— Work item —
Determine how many lines of this material contain "small". Give only the number.

**********

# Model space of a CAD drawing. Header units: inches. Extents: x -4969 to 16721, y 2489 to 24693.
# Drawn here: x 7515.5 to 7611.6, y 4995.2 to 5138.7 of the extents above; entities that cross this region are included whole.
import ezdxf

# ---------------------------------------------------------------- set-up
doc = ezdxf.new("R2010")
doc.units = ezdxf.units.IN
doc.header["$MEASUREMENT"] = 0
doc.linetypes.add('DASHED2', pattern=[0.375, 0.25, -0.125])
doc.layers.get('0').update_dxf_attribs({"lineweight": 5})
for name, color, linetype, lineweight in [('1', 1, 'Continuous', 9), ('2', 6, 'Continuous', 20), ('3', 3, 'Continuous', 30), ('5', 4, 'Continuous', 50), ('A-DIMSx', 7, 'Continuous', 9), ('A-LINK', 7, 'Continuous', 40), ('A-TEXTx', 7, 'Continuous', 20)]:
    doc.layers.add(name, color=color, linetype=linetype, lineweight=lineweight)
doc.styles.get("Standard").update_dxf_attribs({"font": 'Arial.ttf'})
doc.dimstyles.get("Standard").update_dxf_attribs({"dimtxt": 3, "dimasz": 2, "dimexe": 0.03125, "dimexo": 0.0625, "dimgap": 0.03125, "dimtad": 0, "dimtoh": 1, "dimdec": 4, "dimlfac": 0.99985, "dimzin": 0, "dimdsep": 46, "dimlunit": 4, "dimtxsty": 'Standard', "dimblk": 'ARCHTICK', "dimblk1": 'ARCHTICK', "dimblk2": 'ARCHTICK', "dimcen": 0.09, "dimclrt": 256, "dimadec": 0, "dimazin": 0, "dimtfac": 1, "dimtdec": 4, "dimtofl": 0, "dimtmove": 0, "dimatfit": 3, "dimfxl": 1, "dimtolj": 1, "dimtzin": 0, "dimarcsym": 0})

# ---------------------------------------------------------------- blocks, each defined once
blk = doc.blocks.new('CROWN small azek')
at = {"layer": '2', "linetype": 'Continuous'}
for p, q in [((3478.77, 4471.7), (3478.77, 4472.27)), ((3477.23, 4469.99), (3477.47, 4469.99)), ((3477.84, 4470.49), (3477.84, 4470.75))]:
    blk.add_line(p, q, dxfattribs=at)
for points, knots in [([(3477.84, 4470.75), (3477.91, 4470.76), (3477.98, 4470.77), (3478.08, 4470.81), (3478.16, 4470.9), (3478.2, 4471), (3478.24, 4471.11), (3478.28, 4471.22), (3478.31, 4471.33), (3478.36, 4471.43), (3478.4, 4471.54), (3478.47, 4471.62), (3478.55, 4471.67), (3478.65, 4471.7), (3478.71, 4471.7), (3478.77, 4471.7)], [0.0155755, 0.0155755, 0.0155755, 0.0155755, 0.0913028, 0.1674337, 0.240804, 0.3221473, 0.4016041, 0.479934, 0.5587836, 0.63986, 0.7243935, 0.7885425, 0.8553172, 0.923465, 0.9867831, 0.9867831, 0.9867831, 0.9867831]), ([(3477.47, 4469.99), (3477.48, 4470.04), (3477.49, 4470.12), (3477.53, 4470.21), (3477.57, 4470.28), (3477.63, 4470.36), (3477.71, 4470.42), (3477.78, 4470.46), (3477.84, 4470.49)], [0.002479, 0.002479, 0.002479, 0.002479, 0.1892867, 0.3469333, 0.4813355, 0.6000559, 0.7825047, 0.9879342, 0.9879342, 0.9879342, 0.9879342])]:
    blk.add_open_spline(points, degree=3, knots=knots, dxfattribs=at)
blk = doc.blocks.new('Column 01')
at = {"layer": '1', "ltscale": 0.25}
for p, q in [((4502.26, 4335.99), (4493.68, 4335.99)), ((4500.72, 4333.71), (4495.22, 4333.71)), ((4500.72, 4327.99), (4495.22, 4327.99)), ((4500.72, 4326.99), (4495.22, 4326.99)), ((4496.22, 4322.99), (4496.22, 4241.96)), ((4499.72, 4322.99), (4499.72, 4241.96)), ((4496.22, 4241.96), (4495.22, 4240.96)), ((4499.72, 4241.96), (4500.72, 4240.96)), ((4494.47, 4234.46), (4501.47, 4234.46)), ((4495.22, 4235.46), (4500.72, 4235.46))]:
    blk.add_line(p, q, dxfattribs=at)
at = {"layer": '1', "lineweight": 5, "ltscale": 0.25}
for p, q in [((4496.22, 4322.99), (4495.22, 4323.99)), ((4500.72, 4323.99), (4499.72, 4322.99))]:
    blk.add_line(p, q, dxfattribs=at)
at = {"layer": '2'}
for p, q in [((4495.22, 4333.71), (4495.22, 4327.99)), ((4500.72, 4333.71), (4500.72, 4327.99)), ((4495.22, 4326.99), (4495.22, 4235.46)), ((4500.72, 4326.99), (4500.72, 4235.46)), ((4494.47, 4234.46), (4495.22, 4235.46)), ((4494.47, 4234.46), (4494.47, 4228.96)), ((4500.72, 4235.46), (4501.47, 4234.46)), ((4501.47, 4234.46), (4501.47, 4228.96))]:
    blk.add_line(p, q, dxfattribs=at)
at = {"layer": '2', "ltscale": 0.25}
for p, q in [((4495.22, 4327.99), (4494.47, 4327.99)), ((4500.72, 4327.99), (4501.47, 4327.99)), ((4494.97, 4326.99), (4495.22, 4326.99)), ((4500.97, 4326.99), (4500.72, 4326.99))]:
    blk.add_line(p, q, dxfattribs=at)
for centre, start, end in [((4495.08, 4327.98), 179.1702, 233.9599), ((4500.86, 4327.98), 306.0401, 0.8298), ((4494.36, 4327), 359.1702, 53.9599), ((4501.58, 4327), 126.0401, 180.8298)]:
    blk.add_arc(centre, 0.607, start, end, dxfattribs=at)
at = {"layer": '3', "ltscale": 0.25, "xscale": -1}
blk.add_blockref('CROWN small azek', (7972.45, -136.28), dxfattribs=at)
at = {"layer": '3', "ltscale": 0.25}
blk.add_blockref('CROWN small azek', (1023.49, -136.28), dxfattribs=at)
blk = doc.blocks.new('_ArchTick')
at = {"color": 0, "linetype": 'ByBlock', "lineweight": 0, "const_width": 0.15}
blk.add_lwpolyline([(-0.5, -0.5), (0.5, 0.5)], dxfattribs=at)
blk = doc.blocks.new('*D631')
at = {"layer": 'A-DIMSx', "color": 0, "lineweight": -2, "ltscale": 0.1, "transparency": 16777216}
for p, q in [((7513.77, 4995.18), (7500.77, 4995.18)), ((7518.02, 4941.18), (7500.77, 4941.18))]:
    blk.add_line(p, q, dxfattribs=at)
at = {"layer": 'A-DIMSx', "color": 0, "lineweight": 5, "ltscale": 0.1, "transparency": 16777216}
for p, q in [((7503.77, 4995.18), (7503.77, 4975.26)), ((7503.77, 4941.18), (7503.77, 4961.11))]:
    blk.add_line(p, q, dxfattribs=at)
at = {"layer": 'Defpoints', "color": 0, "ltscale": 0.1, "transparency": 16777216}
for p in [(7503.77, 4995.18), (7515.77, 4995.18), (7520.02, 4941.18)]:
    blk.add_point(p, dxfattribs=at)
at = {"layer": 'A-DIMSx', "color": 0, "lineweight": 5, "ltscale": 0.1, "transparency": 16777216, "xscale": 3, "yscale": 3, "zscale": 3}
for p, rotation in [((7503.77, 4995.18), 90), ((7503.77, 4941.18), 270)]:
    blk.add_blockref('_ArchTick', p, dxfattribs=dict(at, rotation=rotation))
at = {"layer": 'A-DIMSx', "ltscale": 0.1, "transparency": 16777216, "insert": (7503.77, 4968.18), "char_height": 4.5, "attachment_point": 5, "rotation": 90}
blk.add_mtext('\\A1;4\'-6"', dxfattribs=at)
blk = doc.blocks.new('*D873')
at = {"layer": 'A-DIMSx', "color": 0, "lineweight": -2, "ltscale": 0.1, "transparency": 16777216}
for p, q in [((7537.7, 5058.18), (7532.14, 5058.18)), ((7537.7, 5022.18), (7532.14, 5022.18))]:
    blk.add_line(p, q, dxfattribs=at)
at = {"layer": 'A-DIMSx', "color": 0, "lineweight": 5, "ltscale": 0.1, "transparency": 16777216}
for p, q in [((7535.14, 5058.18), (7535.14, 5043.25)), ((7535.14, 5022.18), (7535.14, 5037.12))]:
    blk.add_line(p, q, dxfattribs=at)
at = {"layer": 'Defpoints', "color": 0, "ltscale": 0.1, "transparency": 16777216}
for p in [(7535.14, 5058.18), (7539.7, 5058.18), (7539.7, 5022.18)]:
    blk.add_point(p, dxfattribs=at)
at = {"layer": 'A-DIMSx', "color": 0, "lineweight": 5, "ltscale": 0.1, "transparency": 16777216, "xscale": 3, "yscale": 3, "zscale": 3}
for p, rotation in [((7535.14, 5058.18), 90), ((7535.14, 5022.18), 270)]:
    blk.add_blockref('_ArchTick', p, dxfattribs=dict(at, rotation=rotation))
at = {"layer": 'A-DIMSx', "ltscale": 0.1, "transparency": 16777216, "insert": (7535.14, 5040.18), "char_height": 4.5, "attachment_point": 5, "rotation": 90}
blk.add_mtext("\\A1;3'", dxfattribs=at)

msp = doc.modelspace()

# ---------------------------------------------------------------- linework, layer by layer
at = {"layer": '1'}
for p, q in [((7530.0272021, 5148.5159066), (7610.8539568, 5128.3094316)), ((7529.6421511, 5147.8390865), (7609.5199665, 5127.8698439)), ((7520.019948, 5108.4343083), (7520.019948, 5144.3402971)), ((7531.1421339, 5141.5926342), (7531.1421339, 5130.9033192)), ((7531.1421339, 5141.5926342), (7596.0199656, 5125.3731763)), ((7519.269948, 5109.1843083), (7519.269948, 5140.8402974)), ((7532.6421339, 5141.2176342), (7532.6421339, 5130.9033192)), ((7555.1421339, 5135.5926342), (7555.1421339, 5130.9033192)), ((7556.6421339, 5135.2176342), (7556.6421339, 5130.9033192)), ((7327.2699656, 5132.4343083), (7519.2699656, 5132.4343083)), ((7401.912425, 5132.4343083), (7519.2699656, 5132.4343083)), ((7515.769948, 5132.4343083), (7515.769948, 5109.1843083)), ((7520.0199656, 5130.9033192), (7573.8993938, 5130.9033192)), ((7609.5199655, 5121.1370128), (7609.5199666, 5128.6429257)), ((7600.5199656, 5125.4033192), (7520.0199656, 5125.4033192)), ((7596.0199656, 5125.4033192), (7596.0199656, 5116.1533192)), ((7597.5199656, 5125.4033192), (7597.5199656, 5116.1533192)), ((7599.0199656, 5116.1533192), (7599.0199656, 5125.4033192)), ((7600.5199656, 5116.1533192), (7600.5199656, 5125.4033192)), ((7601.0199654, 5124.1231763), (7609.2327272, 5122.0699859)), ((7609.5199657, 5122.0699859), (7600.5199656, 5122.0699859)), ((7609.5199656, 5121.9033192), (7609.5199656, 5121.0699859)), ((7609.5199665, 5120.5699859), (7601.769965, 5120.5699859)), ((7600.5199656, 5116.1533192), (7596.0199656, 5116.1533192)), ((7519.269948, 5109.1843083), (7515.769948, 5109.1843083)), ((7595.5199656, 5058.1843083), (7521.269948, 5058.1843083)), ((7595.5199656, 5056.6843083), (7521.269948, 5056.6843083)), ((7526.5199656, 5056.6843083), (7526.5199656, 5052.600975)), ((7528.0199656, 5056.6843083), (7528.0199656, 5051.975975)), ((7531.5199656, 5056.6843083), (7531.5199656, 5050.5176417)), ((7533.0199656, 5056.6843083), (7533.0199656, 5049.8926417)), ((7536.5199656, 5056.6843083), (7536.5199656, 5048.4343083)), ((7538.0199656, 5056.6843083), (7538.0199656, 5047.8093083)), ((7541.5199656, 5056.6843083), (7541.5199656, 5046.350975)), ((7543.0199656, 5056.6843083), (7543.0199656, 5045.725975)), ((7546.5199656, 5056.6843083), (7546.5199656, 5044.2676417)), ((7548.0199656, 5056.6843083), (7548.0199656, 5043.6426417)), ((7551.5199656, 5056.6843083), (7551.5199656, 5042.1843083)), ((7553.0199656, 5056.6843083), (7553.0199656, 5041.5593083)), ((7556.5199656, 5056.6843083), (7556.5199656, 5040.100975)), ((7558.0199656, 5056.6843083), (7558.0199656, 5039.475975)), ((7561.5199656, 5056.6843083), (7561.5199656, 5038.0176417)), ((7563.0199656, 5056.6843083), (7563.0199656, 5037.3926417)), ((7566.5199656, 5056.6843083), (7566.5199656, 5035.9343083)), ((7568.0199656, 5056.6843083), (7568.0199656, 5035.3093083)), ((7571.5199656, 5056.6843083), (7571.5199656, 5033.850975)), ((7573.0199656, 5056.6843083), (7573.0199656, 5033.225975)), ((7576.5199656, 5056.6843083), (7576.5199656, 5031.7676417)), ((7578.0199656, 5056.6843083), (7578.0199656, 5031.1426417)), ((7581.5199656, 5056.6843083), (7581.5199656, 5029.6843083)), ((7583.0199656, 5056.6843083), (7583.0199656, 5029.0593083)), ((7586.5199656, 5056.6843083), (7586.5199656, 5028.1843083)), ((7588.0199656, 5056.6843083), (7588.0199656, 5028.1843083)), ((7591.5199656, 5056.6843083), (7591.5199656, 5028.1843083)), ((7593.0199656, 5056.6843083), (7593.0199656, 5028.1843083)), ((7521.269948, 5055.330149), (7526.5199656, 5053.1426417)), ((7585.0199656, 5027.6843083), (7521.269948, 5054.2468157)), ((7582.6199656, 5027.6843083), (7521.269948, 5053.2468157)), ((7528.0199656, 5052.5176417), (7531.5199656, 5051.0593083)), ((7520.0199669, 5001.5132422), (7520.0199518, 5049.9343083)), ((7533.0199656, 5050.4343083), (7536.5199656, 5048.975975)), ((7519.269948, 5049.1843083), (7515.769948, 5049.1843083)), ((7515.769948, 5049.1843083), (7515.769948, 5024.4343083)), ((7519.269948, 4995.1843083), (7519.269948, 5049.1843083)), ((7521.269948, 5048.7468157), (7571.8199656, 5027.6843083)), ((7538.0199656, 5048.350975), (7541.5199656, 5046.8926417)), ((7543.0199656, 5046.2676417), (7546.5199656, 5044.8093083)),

**********

— Task solution —
3